É entusiasmante falar com o Manuel, que é afável e conversa muito sem maçar. É bastante enérgico e parece que está sempre desperto, com os olhos muito abertos, ao mesmo tempo que é paciente. Qualquer sítio para onde olhe é um estímulo para falar de determinado assunto e, muitas vezes, os temas atropelam-se na conversa porque há tanto para dizer. É espantoso ver como é rápido e fluído a falar, conversando como quem desmonta matrioskas. Parecia que estava perante uma pessoa com dois pares de olhos, uns para dentro e outros para fora, uns melancólicos e pesados, outros leves e cheios de vivacidade.
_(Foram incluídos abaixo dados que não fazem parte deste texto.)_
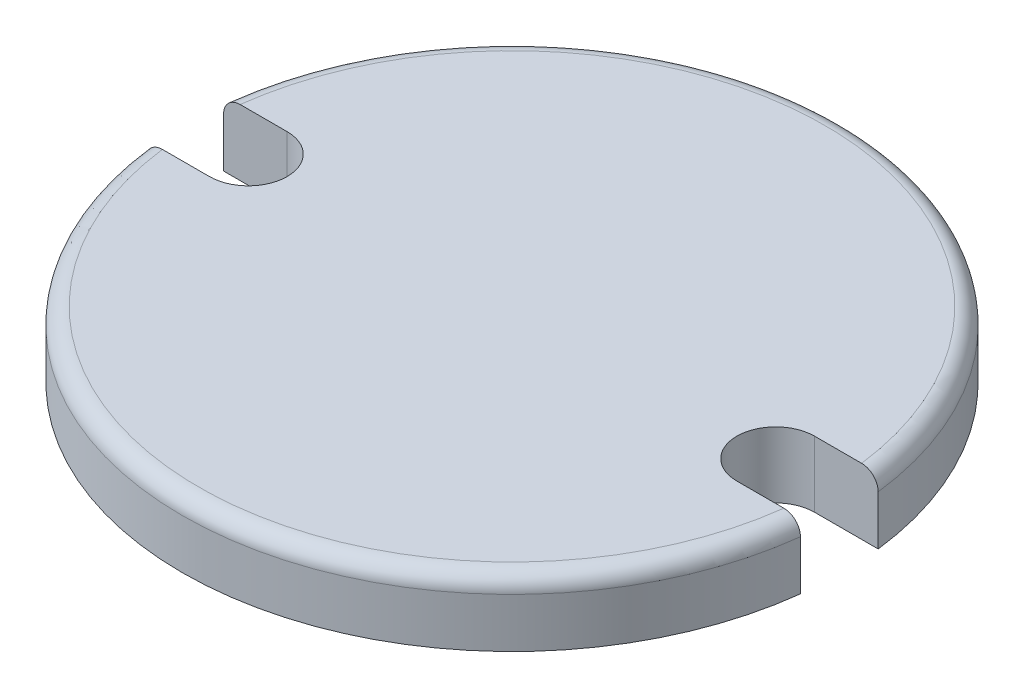
ISO-10303-21;
HEADER;
FILE_DESCRIPTION(('STEP AP214'),'2;1');
FILE_NAME('part.step','',(''),(''),'','','');
FILE_SCHEMA(('AUTOMOTIVE_DESIGN { 1 0 10303 214 1 1 1 1 }'));
ENDSEC;
DATA;
#1=APPLICATION_CONTEXT('core data for automotive mechanical design processes');
#2=APPLICATION_PROTOCOL_DEFINITION('international standard','automotive_design',2000,#1);
#3=PRODUCT_CONTEXT('',#1,'mechanical');
#4=PRODUCT('Part','Part','',(#3));
#5=PRODUCT_RELATED_PRODUCT_CATEGORY('part','',(#4));
#6=PRODUCT_DEFINITION_FORMATION('','',#4);
#7=PRODUCT_DEFINITION_CONTEXT('part definition',#1,'design');
#8=PRODUCT_DEFINITION('design','',#6,#7);
#9=PRODUCT_DEFINITION_SHAPE('','',#8);
#10=(LENGTH_UNIT() NAMED_UNIT(*) SI_UNIT(.MILLI.,.METRE.));
#11=(NAMED_UNIT(*) PLANE_ANGLE_UNIT() SI_UNIT($,.RADIAN.));
#12=(NAMED_UNIT(*) SI_UNIT($,.STERADIAN.) SOLID_ANGLE_UNIT());
#13=UNCERTAINTY_MEASURE_WITH_UNIT(LENGTH_MEASURE(1.E-05),#10,'distance_accuracy_value','');
#14=(GEOMETRIC_REPRESENTATION_CONTEXT(3) GLOBAL_UNCERTAINTY_ASSIGNED_CONTEXT((#13)) GLOBAL_UNIT_ASSIGNED_CONTEXT((#10,
#11,#12)) REPRESENTATION_CONTEXT('',''));
#15=CARTESIAN_POINT('',(0.,0.,0.));
#16=DIRECTION('',(0.,0.,1.));
#17=DIRECTION('',(1.,0.,0.));
#18=AXIS2_PLACEMENT_3D('',#15,#16,#17);
#19=CARTESIAN_POINT('',(0.,12.7,0.));
#20=DIRECTION('',(0.,-1.,0.));
#21=DIRECTION('',(0.,0.,-1.));
#22=AXIS2_PLACEMENT_3D('',#19,#20,#21);
#23=CYLINDRICAL_SURFACE('',#22,63.5);
#24=DIRECTION('',(0.,1.,0.));
#25=VECTOR('',#24,1.);
#26=CARTESIAN_POINT('',(-63.0567197053574,0.,7.49));
#27=LINE('',#26,#25);
#28=CARTESIAN_POINT('',(-63.0567197053574,0.,7.49));
#29=VERTEX_POINT('',#28);
#30=CARTESIAN_POINT('',(-63.0567197053574,9.53,7.49));
#31=VERTEX_POINT('',#30);
#32=EDGE_CURVE('E151',#29,#31,#27,.T.);
#33=ORIENTED_EDGE('',*,*,#32,.F.);
#34=CARTESIAN_POINT('',(0.,0.,0.));
#35=DIRECTION('',(0.,1.,0.));
#36=DIRECTION('',(0.,0.,1.));
#37=AXIS2_PLACEMENT_3D('',#34,#35,#36);
#38=CIRCLE('',#37,63.5);
#39=CARTESIAN_POINT('',(63.0567197053573,0.,7.49));
#40=VERTEX_POINT('',#39);
#41=EDGE_CURVE('E150',#29,#40,#38,.T.);
#42=ORIENTED_EDGE('',*,*,#41,.T.);
#43=DIRECTION('',(0.,1.,0.));
#44=VECTOR('',#43,1.);
#45=CARTESIAN_POINT('',(63.0567197053573,0.,7.49));
#46=LINE('',#45,#44);
#47=CARTESIAN_POINT('',(63.0567197053573,9.53000000003071,7.49));
#48=VERTEX_POINT('',#47);
#49=EDGE_CURVE('E157',#40,#48,#46,.T.);
#50=ORIENTED_EDGE('',*,*,#49,.T.);
#51=CARTESIAN_POINT('',(0.,9.53,0.));
#52=DIRECTION('',(0.,1.,0.));
#53=DIRECTION('',(0.,0.,1.));
#54=AXIS2_PLACEMENT_3D('',#51,#52,#53);
#55=CIRCLE('',#54,63.5);
#56=EDGE_CURVE('E184',#48,#31,#55,.F.);
#57=ORIENTED_EDGE('',*,*,#56,.T.);
#58=EDGE_LOOP('',(#33,#42,#50,#57));
#59=FACE_BOUND('',#58,.T.);
#60=ADVANCED_FACE('F36',(#59),#23,.T.);
#61=CARTESIAN_POINT('',(63.0567197053573,0.,-7.48999999999999));
#62=VERTEX_POINT('',#61);
#63=CARTESIAN_POINT('',(-63.0567197053574,0.,-7.49));
#64=VERTEX_POINT('',#63);
#65=EDGE_CURVE('E179',#62,#64,#38,.T.);
#66=ORIENTED_EDGE('',*,*,#65,.T.);
#67=DIRECTION('',(0.,1.,0.));
#68=VECTOR('',#67,1.);
#69=CARTESIAN_POINT('',(-63.0567197053574,0.,-7.49));
#70=LINE('',#69,#68);
#71=CARTESIAN_POINT('',(-63.0567197053574,9.53000000001508,-7.49));
#72=VERTEX_POINT('',#71);
#73=EDGE_CURVE('E126',#64,#72,#70,.T.);
#74=ORIENTED_EDGE('',*,*,#73,.T.);
#75=CARTESIAN_POINT('',(63.0567197053573,9.53,-7.48999999999999));
#76=VERTEX_POINT('',#75);
#77=EDGE_CURVE('E187',#72,#76,#55,.F.);
#78=ORIENTED_EDGE('',*,*,#77,.T.);
#79=DIRECTION('',(0.,1.,0.));
#80=VECTOR('',#79,1.);
#81=CARTESIAN_POINT('',(63.0567197053573,0.,-7.48999999999999));
#82=LINE('',#81,#80);
#83=EDGE_CURVE('E160',#62,#76,#82,.T.);
#84=ORIENTED_EDGE('',*,*,#83,.F.);
#85=EDGE_LOOP('',(#66,#74,#78,#84));
#86=FACE_BOUND('',#85,.T.);
#87=ADVANCED_FACE('F213',(#86),#23,.T.);
#88=CARTESIAN_POINT('',(0.,12.7,0.));
#89=DIRECTION('',(0.,1.,0.));
#90=DIRECTION('',(0.,0.,1.));
#91=AXIS2_PLACEMENT_3D('',#88,#89,#90);
#92=PLANE('',#91);
#93=CARTESIAN_POINT('',(-50.8,12.7,0.));
#94=DIRECTION('',(0.,1.,0.));
#95=DIRECTION('',(0.,0.,1.));
#96=AXIS2_PLACEMENT_3D('',#93,#94,#95);
#97=CIRCLE('',#96,7.49);
#98=CARTESIAN_POINT('',(-50.8,12.7,7.48999999999999));
#99=VERTEX_POINT('',#98);
#100=CARTESIAN_POINT('',(-50.8,12.7,-7.49));
#101=VERTEX_POINT('',#100);
#102=EDGE_CURVE('E125',#99,#101,#97,.T.);
#103=ORIENTED_EDGE('',*,*,#102,.F.);
#104=DIRECTION('',(-1.,0.,0.));
#105=VECTOR('',#104,1.);
#106=CARTESIAN_POINT('',(-50.8,12.7,7.48999999999999));
#107=LINE('',#106,#105);
#108=CARTESIAN_POINT('',(-59.8632508305388,12.7,7.48999999999999));
#109=VERTEX_POINT('',#108);
#110=EDGE_CURVE('E139',#99,#109,#107,.T.);
#111=ORIENTED_EDGE('',*,*,#110,.T.);
#112=CARTESIAN_POINT('',(0.,12.7,0.));
#113=DIRECTION('',(0.,1.,0.));
#114=DIRECTION('',(0.,0.,1.));
#115=AXIS2_PLACEMENT_3D('',#112,#113,#114);
#116=CIRCLE('',#115,60.33);
#117=CARTESIAN_POINT('',(59.8632508305388,12.7,7.48999999999999));
#118=VERTEX_POINT('',#117);
#119=EDGE_CURVE('E180',#109,#118,#116,.T.);
#120=ORIENTED_EDGE('',*,*,#119,.T.);
#121=DIRECTION('',(1.,0.,0.));
#122=VECTOR('',#121,1.);
#123=CARTESIAN_POINT('',(50.8,12.7,7.48999999999998));
#124=LINE('',#123,#122);
#125=CARTESIAN_POINT('',(50.8,12.7,7.48999999999998));
#126=VERTEX_POINT('',#125);
#127=EDGE_CURVE('E64',#126,#118,#124,.T.);
#128=ORIENTED_EDGE('',*,*,#127,.F.);
#129=CARTESIAN_POINT('',(50.8,12.7,0.));
#130=DIRECTION('',(0.,1.,0.));
#131=DIRECTION('',(0.,0.,1.));
#132=AXIS2_PLACEMENT_3D('',#129,#130,#131);
#133=CIRCLE('',#132,7.49);
#134=CARTESIAN_POINT('',(50.8,12.7,-7.49000000000001));
#135=VERTEX_POINT('',#134);
#136=EDGE_CURVE('E146',#135,#126,#133,.T.);
#137=ORIENTED_EDGE('',*,*,#136,.F.);
#138=DIRECTION('',(1.,0.,0.));
#139=VECTOR('',#138,1.);
#140=CARTESIAN_POINT('',(50.8,12.7,-7.49000000000001));
#141=LINE('',#140,#139);
#142=CARTESIAN_POINT('',(59.8632508305388,12.7,-7.49));
#143=VERTEX_POINT('',#142);
#144=EDGE_CURVE('E164',#135,#143,#141,.T.);
#145=ORIENTED_EDGE('',*,*,#144,.T.);
#146=CARTESIAN_POINT('',(-59.8632508305388,12.7,-7.49));
#147=VERTEX_POINT('',#146);
#148=EDGE_CURVE('E183',#143,#147,#116,.T.);
#149=ORIENTED_EDGE('',*,*,#148,.T.);
#150=DIRECTION('',(-1.,0.,0.));
#151=VECTOR('',#150,1.);
#152=CARTESIAN_POINT('',(-50.8,12.7,-7.49));
#153=LINE('',#152,#151);
#154=EDGE_CURVE('E56',#101,#147,#153,.T.);
#155=ORIENTED_EDGE('',*,*,#154,.F.);
#156=EDGE_LOOP('',(#103,#111,#120,#128,#137,#145,#149,#155));
#157=FACE_BOUND('',#156,.T.);
#158=ADVANCED_FACE('F210',(#157),#92,.T.);
#159=CARTESIAN_POINT('',(0.,0.,0.));
#160=DIRECTION('',(0.,1.,0.));
#161=DIRECTION('',(0.,0.,1.));
#162=AXIS2_PLACEMENT_3D('',#159,#160,#161);
#163=PLANE('',#162);
#164=DIRECTION('',(-1.,0.,0.));
#165=VECTOR('',#164,1.);
#166=CARTESIAN_POINT('',(-50.8,0.,7.48999999999999));
#167=LINE('',#166,#165);
#168=CARTESIAN_POINT('',(-50.8,0.,7.48999999999999));
#169=VERTEX_POINT('',#168);
#170=EDGE_CURVE('E127',#169,#29,#167,.T.);
#171=ORIENTED_EDGE('',*,*,#170,.F.);
#172=CARTESIAN_POINT('',(-50.8,0.,0.));
#173=DIRECTION('',(0.,1.,0.));
#174=DIRECTION('',(0.,0.,1.));
#175=AXIS2_PLACEMENT_3D('',#172,#173,#174);
#176=CIRCLE('',#175,7.49);
#177=CARTESIAN_POINT('',(-50.8,0.,-7.49));
#178=VERTEX_POINT('',#177);
#179=EDGE_CURVE('E122',#169,#178,#176,.T.);
#180=ORIENTED_EDGE('',*,*,#179,.T.);
#181=DIRECTION('',(-1.,0.,0.));
#182=VECTOR('',#181,1.);
#183=CARTESIAN_POINT('',(-50.8,0.,-7.49));
#184=LINE('',#183,#182);
#185=EDGE_CURVE('E130',#178,#64,#184,.T.);
#186=ORIENTED_EDGE('',*,*,#185,.T.);
#187=ORIENTED_EDGE('',*,*,#65,.F.);
#188=DIRECTION('',(1.,0.,0.));
#189=VECTOR('',#188,1.);
#190=CARTESIAN_POINT('',(50.8,0.,-7.49000000000001));
#191=LINE('',#190,#189);
#192=CARTESIAN_POINT('',(50.8,0.,-7.49000000000001));
#193=VERTEX_POINT('',#192);
#194=EDGE_CURVE('E156',#193,#62,#191,.T.);
#195=ORIENTED_EDGE('',*,*,#194,.F.);
#196=CARTESIAN_POINT('',(50.8,0.,0.));
#197=DIRECTION('',(0.,1.,0.));
#198=DIRECTION('',(0.,0.,1.));
#199=AXIS2_PLACEMENT_3D('',#196,#197,#198);
#200=CIRCLE('',#199,7.49);
#201=CARTESIAN_POINT('',(50.8,0.,7.48999999999998));
#202=VERTEX_POINT('',#201);
#203=EDGE_CURVE('E167',#193,#202,#200,.T.);
#204=ORIENTED_EDGE('',*,*,#203,.T.);
#205=DIRECTION('',(1.,0.,0.));
#206=VECTOR('',#205,1.);
#207=CARTESIAN_POINT('',(50.8,0.,7.48999999999998));
#208=LINE('',#207,#206);
#209=EDGE_CURVE('E172',#202,#40,#208,.T.);
#210=ORIENTED_EDGE('',*,*,#209,.T.);
#211=ORIENTED_EDGE('',*,*,#41,.F.);
#212=EDGE_LOOP('',(#171,#180,#186,#187,#195,#204,#210,#211));
#213=FACE_BOUND('',#212,.T.);
#214=ADVANCED_FACE('F137',(#213),#163,.F.);
#215=CARTESIAN_POINT('',(0.,9.53,0.));
#216=DIRECTION('',(0.,1.,0.));
#217=DIRECTION('',(0.,0.,1.));
#218=AXIS2_PLACEMENT_3D('',#215,#216,#217);
#219=TOROIDAL_SURFACE('',#218,60.33,3.17);
#220=ORIENTED_EDGE('',*,*,#119,.F.);
#221=CARTESIAN_POINT('',(-62.1614223401727,11.731306276765,7.48999999999999));
#222=CARTESIAN_POINT('',(-62.2852946426031,11.6038578977068,7.48999999999999));
#223=CARTESIAN_POINT('',(-62.3985427764862,11.4659108518643,7.48999999999999));
#224=CARTESIAN_POINT('',(-62.600396072807,11.1728692531787,7.48999999999999));
#225=CARTESIAN_POINT('',(-62.6889735072531,11.017755677769,7.48999999999999));
#226=CARTESIAN_POINT('',(-62.8387644759281,10.6948579560831,7.48999999999999));
#227=CARTESIAN_POINT('',(-62.8999843619593,10.5270767615268,7.48999999999999));
#228=CARTESIAN_POINT('',(-62.9932503319856,10.1836370282473,7.48999999999999));
#229=CARTESIAN_POINT('',(-63.0253035076103,10.0079804152676,7.48999999999999));
#230=CARTESIAN_POINT('',(-63.059251576378,9.65440954087971,7.48999999999999));
#231=CARTESIAN_POINT('',(-63.061253603326,9.47650556360242,7.48999999999999));
#232=CARTESIAN_POINT('',(-63.0353143152661,9.12289023372835,7.48999999999999));
#233=CARTESIAN_POINT('',(-63.0073723287611,8.94717893039186,7.48999999999999));
#234=CARTESIAN_POINT('',(-62.9224311721181,8.60319434634436,7.48999999999999));
#235=CARTESIAN_POINT('',(-62.8654732754961,8.43491086843113,7.48999999999999));
#236=CARTESIAN_POINT('',(-62.7241927644227,8.11025584789108,7.48999999999999));
#237=CARTESIAN_POINT('',(-62.6398699581198,7.95388438878724,7.48999999999999));
#238=CARTESIAN_POINT('',(-62.4460268793877,7.65698362787045,7.48999999999999));
#239=CARTESIAN_POINT('',(-62.3364342967941,7.51650154724598,7.48999999999999));
#240=CARTESIAN_POINT('',(-62.0953511539783,7.25579078693791,7.48999999999999));
#241=CARTESIAN_POINT('',(-61.9638599993215,7.13556265722395,7.48999999999999));
#242=CARTESIAN_POINT('',(-61.6818619646382,6.91797415977152,7.48999999999999));
#243=CARTESIAN_POINT('',(-61.5312436201257,6.82075826422325,7.48999999999999));
#244=CARTESIAN_POINT('',(-61.2159128940997,6.65278740712932,7.48999999999999));
#245=CARTESIAN_POINT('',(-61.0511999593355,6.5820334848735,7.48999999999999));
#246=CARTESIAN_POINT('',(-60.7111139860179,6.46848242342031,7.48999999999999));
#247=CARTESIAN_POINT('',(-60.5356741329342,6.42588536661705,7.48999999999999));
#248=CARTESIAN_POINT('',(-60.1801438571449,6.37058390234194,7.48999999999999));
#249=CARTESIAN_POINT('',(-60.0000532822127,6.35788047460046,7.48999999999999));
#250=CARTESIAN_POINT('',(-59.6393585138579,6.36270842086306,7.48999999999999));
#251=CARTESIAN_POINT('',(-59.4587563643082,6.38039384381378,7.48999999999999));
#252=CARTESIAN_POINT('',(-59.1030740800365,6.44580709701159,7.48999999999999));
#253=CARTESIAN_POINT('',(-58.9279940171374,6.49353531784094,7.48999999999999));
#254=CARTESIAN_POINT('',(-58.5882098311619,6.61777758578125,7.48999999999999));
#255=CARTESIAN_POINT('',(-58.4235136024898,6.69431323311171,7.48999999999999));
#256=CARTESIAN_POINT('',(-58.1093828509293,6.87406334717446,7.48999999999999));
#257=CARTESIAN_POINT('',(-57.9599480749702,6.97727737141662,7.48999999999999));
#258=CARTESIAN_POINT('',(-57.6813068767858,7.20701363424053,7.48999999999999));
#259=CARTESIAN_POINT('',(-57.5520156528295,7.33343299431888,7.48999999999999));
#260=CARTESIAN_POINT('',(-57.3166948685348,7.60633352327896,7.48999999999999));
#261=CARTESIAN_POINT('',(-57.2106643457532,7.75281386170282,7.48999999999999));
#262=CARTESIAN_POINT('',(-57.0257619652145,8.06046327247997,7.48999999999999));
#263=CARTESIAN_POINT('',(-56.9466853183763,8.22150925844668,7.48999999999999));
#264=CARTESIAN_POINT('',(-56.8169298378264,8.5546616316555,7.48999999999999));
#265=CARTESIAN_POINT('',(-56.7662496771368,8.72676750164625,7.48999999999999));
#266=CARTESIAN_POINT('',(-56.6950948154311,9.07574590889626,7.48999999999999));
#267=CARTESIAN_POINT('',(-56.6743930954699,9.25257218212093,7.48999999999999));
#268=CARTESIAN_POINT('',(-56.6630906718585,9.60718194691089,7.48999999999999));
#269=CARTESIAN_POINT('',(-56.6724891425831,9.78496541208759,7.48999999999999));
#270=CARTESIAN_POINT('',(-56.7210128630496,10.1357629591964,7.48999999999999));
#271=CARTESIAN_POINT('',(-56.7600297053734,10.308792055152,7.48999999999999));
#272=CARTESIAN_POINT('',(-56.8664979245442,10.6458651150035,7.48999999999999));
#273=CARTESIAN_POINT('',(-56.9339493869383,10.8099090518655,7.48999999999999));
#274=CARTESIAN_POINT('',(-57.0954742613987,11.124765460217,7.48999999999999));
#275=CARTESIAN_POINT('',(-57.1896050993742,11.2755484607817,7.48999999999999));
#276=CARTESIAN_POINT('',(-57.4016836378714,11.5593108546896,7.48999999999999));
#277=CARTESIAN_POINT('',(-57.5196321459874,11.6922896440847,7.48999999999999));
#278=CARTESIAN_POINT('',(-57.7768429440186,11.9376545458878,7.48999999999999));
#279=CARTESIAN_POINT('',(-57.9162452914031,12.0498938223432,7.48999999999999));
#280=CARTESIAN_POINT('',(-58.2117880649642,12.2496002890504,7.48999999999999));
#281=CARTESIAN_POINT('',(-58.3679292593907,12.337066341633,7.48999999999999));
#282=CARTESIAN_POINT('',(-58.6938798911671,12.4854774955237,7.48999999999999));
#283=CARTESIAN_POINT('',(-58.8637900059872,12.5462015137849,7.48999999999999));
#284=CARTESIAN_POINT('',(-59.2113559792527,12.6384400985935,7.48999999999999));
#285=CARTESIAN_POINT('',(-59.3890118142141,12.6699547536931,7.48999999999999));
#286=CARTESIAN_POINT('',(-59.7480801745535,12.703014273453,7.48999999999999));
#287=CARTESIAN_POINT('',(-59.9295080009888,12.7043931262604,7.48999999999999));
#288=CARTESIAN_POINT('',(-60.2900762800184,12.6766986979141,7.48999999999999));
#289=CARTESIAN_POINT('',(-60.4692161302586,12.6476175582915,7.48999999999999));
#290=CARTESIAN_POINT('',(-60.8202802263536,12.559725272398,7.48999999999999));
#291=CARTESIAN_POINT('',(-60.9921948761535,12.5008758621385,7.48999999999999));
#292=CARTESIAN_POINT('',(-61.3234905643585,12.3550625585068,7.48999999999999));
#293=CARTESIAN_POINT('',(-61.48288652738,12.2681327946483,7.48999999999999));
#294=CARTESIAN_POINT('',(-61.729181290256,12.1053205278634,7.48999999999999));
#295=CARTESIAN_POINT('',(-61.8212257891681,12.0370825289482,7.48999999999999));
#296=CARTESIAN_POINT('',(-61.9974565815043,11.8911167007274,7.48999999999999));
#297=CARTESIAN_POINT('',(-62.0816428876985,11.8133888868441,7.48999999999999));
#298=CARTESIAN_POINT('',(-62.1614223401727,11.731306276765,7.48999999999999));
#299=B_SPLINE_CURVE_WITH_KNOTS('',3,(#221,#222,#223,#224,#225,#226,#227,#228,#229,#230,#231,
#232,#233,#234,#235,#236,#237,#238,#239,#240,#241,#242,#243,#244,#245,#246,#247,#248,#249,#250,
#251,#252,#253,#254,#255,#256,#257,#258,#259,#260,#261,#262,#263,#264,#265,#266,#267,#268,#269,
#270,#271,#272,#273,#274,#275,#276,#277,#278,#279,#280,#281,#282,#283,#284,#285,#286,#287,#288,
#289,#290,#291,#292,#293,#294,#295,#296,#297,#298),.UNSPECIFIED.,.T.,.F.,(4,2,2,2,2,2,2,2,2,2,2,
2,2,2,2,2,2,2,2,2,2,2,2,2,2,2,2,2,2,2,2,2,2,2,2,2,2,2,4),(0.,0.5327711714434,1.06613874283733,
1.59938241395491,2.13249639688481,2.66370934933687,3.19493421453322,3.72540554313277,
4.25588059087242,4.7878928712386,5.31991959537718,5.85520272558218,6.39050687674088,
6.92957513106931,7.46866105251272,8.01048780872251,8.55232160929245,9.09456249655039,
9.6367943907261,10.1766779999152,10.716539266468,11.2522022636297,11.7878402269805,
12.3194003404917,12.8509458738426,13.3805552003457,13.9101661202165,14.4409257707946,
14.9717034210501,15.5061059191852,16.0405329548891,16.5792988859137,17.1180631835899,
17.6597946778657,18.2016659695762,18.744235556667,19.286148157833,19.6292778211402,
19.9724069268233),.UNSPECIFIED.);
#300=EDGE_CURVE('E11',#109,#31,#299,.T.);
#301=ORIENTED_EDGE('',*,*,#300,.T.);
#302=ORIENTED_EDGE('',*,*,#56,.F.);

Costumo ver no seu Instagram e no seu Facebook as fotografias que tira ao diário gráfico e aos desenhos que faz no iPad. Quando falei nos desenhos digitais, disse-me que gostava muito de desenhar assim, que era fácil, já estava habituado e tinha uma série de aplicações instaladas que faziam mais ou menos a mesma coisa. Num rápido "queres ver?", e sem esperar pela minha resposta, jogou as mãos aos bolsos do casaco para de lá saírem agarradas aos dedos umas seis ou sete canetas e lápis como se fossem lanças. "Olha, não encontro a caneta do iPad! Deixa ver aqui..." e no outro bolso outras tantas.
Os diários gráficos são também aquilo a que se dedica diariamente. A sua tese de doutoramento recebeu o título O desenho em viagem: álbum, caderno ou diário gráfico, o álbum de Domingos António Sequeira, onde o Manuel afirma que se quer o álbum de artista como uma presença constante e que o diário gráfico se torna num suporte cúmplice e coincidente com o quotidiano. Não é preciso segui-lo há muito tempo para perceber que as suas acções subscrevem esta ideia, já que praticamente todos os dias fotografa aquilo que desenha e "posta" sob o título "caro diário".
Há um diário gráfico pelo qual tem estima especial. O seu avô, vindo da aldeia de Sampaio, no Minho, emigrou com a mulher e as duas filhas a bordo de um navio transatlântico. Alterou o seu apelido para o nome da terra de onde vinha, distorcendo a ortografia para San Payo, e durante o tempo em que esteve embarcado foi desenhando no seu próprio diário. Não é que fosse um diário especialmente bem desenhado, mas o avô tinha interesses variados e o desenho era um deles.
Um atelier que não existe
Saímos da pequena sala rectangular e eu percebi que este atelier não tinha espaço físico. No caso do Manuel, o atelier não existe porque qualquer lugar é bom para desenhar ou para fazer experiências. Aquela sala anexa à galeria onde havíamos estado era só um local de passagem e de consulta, não era um sítio para se estar, muito menos para se ficar a trabalhar.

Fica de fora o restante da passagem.